Top of RECORDS FOR PROCESSING
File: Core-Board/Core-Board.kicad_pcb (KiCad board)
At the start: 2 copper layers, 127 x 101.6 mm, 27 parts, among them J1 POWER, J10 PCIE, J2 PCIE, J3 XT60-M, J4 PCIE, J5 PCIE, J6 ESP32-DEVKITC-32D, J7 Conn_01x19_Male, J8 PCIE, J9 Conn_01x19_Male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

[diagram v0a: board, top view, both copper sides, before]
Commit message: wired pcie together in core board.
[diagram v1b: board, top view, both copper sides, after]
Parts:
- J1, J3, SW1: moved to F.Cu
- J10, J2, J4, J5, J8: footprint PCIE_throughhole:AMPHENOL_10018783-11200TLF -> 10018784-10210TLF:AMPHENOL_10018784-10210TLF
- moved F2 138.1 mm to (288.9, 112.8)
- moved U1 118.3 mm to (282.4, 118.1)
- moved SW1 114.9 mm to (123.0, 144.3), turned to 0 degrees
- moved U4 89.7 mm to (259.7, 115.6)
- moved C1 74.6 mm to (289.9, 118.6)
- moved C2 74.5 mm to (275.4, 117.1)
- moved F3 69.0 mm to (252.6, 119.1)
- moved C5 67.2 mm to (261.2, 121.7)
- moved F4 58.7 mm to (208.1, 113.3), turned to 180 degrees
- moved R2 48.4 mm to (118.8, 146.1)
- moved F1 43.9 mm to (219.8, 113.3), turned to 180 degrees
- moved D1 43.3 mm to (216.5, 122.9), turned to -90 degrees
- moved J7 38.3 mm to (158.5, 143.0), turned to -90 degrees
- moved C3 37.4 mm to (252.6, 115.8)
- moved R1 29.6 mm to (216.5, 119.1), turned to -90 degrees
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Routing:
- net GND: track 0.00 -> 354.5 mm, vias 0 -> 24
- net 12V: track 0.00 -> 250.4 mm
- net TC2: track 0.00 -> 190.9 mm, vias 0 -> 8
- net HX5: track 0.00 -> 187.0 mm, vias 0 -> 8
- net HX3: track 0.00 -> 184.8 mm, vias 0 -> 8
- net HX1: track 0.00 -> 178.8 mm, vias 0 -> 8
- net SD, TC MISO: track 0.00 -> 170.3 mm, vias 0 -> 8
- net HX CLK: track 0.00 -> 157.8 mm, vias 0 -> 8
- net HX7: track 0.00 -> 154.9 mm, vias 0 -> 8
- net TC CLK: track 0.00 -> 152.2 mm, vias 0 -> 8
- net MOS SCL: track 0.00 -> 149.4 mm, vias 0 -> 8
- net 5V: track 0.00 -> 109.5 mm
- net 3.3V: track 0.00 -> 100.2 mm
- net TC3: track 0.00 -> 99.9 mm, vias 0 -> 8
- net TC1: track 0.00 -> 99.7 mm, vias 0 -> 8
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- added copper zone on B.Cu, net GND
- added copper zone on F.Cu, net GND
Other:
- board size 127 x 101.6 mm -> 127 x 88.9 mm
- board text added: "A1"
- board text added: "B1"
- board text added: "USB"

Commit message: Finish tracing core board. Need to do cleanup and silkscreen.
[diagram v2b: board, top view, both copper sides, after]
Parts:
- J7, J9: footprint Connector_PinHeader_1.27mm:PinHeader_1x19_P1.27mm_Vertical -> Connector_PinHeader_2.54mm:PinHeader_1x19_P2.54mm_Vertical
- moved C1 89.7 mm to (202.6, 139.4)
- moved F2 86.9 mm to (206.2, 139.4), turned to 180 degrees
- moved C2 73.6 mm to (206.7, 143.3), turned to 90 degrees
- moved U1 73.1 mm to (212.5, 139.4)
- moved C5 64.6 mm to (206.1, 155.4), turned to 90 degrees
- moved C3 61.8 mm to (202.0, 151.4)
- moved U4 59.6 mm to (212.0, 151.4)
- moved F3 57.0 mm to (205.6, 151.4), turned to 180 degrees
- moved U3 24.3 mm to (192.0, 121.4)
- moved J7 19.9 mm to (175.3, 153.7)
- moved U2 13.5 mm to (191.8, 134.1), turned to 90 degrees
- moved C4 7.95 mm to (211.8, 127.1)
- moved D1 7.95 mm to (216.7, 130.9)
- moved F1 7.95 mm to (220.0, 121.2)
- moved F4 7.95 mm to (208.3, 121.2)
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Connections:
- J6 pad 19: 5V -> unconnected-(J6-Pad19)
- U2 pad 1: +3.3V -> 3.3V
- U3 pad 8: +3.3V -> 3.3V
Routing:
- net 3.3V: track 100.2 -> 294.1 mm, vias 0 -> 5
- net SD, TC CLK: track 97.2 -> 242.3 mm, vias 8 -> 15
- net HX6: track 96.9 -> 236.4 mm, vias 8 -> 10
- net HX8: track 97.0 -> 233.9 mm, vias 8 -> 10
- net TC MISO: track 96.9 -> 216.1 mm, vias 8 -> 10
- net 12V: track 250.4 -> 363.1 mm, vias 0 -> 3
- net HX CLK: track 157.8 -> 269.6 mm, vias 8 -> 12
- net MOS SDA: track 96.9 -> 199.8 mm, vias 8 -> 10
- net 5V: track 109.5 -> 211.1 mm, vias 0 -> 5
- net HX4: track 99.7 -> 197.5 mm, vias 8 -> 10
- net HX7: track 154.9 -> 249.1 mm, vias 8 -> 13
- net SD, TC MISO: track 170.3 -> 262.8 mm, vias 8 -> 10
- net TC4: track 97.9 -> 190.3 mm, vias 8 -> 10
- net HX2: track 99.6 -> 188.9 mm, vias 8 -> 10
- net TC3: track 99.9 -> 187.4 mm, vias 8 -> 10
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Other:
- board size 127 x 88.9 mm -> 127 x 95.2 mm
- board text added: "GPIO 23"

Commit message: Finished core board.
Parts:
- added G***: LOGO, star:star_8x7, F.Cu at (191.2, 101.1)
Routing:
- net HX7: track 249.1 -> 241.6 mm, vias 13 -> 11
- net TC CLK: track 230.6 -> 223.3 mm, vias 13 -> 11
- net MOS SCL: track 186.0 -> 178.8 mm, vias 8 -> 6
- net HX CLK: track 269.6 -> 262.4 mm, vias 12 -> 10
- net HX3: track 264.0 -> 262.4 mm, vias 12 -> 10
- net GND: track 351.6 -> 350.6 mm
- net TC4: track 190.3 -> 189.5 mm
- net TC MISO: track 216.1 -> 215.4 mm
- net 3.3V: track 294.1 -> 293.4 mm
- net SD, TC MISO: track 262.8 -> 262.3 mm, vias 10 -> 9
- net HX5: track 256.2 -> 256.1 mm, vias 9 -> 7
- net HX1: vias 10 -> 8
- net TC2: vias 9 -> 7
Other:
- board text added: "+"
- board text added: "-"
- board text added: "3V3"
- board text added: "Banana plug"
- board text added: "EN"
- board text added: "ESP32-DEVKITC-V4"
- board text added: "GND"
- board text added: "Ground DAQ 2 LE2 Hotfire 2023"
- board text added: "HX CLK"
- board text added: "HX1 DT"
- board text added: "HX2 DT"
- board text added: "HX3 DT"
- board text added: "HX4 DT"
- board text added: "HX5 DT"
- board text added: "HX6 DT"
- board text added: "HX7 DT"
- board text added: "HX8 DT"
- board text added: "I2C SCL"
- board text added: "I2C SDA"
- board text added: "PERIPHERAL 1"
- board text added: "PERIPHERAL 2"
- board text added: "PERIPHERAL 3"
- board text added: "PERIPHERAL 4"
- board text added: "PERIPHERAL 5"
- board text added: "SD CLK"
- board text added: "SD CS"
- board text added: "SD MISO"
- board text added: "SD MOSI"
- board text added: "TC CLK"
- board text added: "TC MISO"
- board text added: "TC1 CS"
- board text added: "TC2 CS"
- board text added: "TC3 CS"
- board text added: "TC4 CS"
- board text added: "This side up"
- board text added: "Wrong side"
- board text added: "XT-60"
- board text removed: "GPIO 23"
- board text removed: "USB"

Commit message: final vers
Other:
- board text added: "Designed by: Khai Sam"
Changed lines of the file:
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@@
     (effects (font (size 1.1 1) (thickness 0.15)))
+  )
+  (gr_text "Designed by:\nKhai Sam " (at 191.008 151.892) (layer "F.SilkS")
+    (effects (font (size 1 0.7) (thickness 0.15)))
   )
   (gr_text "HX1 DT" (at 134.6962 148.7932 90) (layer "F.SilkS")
Bottom of RECORDS FOR PROCESSING
__TASK__:
Quote exactly the opening line of the material above and every line after it, up to and including the line that contains "- moved C5 67.2 mm to (261.2, 121.7)".

__TASK OUTPUT__:
File: Core-Board/Core-Board.kicad_pcb (KiCad board)
At the start: 2 copper layers, 127 x 101.6 mm, 27 parts, among them J1 POWER, J10 PCIE, J2 PCIE, J3 XT60-M, J4 PCIE, J5 PCIE, J6 ESP32-DEVKITC-32D, J7 Conn_01x19_Male, J8 PCIE, J9 Conn_01x19_Male

[diagram v0a: board, top view, both copper sides, before]
Commit message: wired pcie together in core board.
[diagram v1b: board, top view, both copper sides, after]
Parts:
- J1, J3, SW1: moved to F.Cu
- J10, J2, J4, J5, J8: footprint PCIE_throughhole:AMPHENOL_10018783-11200TLF -> 10018784-10210TLF:AMPHENOL_10018784-10210TLF
- moved F2 138.1 mm to (288.9, 112.8)
- moved U1 118.3 mm to (282.4, 118.1)
- moved SW1 114.9 mm to (123.0, 144.3), turned to 0 degrees
- moved U4 89.7 mm to (259.7, 115.6)
- moved C1 74.6 mm to (289.9, 118.6)
- moved C2 74.5 mm to (275.4, 117.1)
- moved F3 69.0 mm to (252.6, 119.1)
- moved C5 67.2 mm to (261.2, 121.7)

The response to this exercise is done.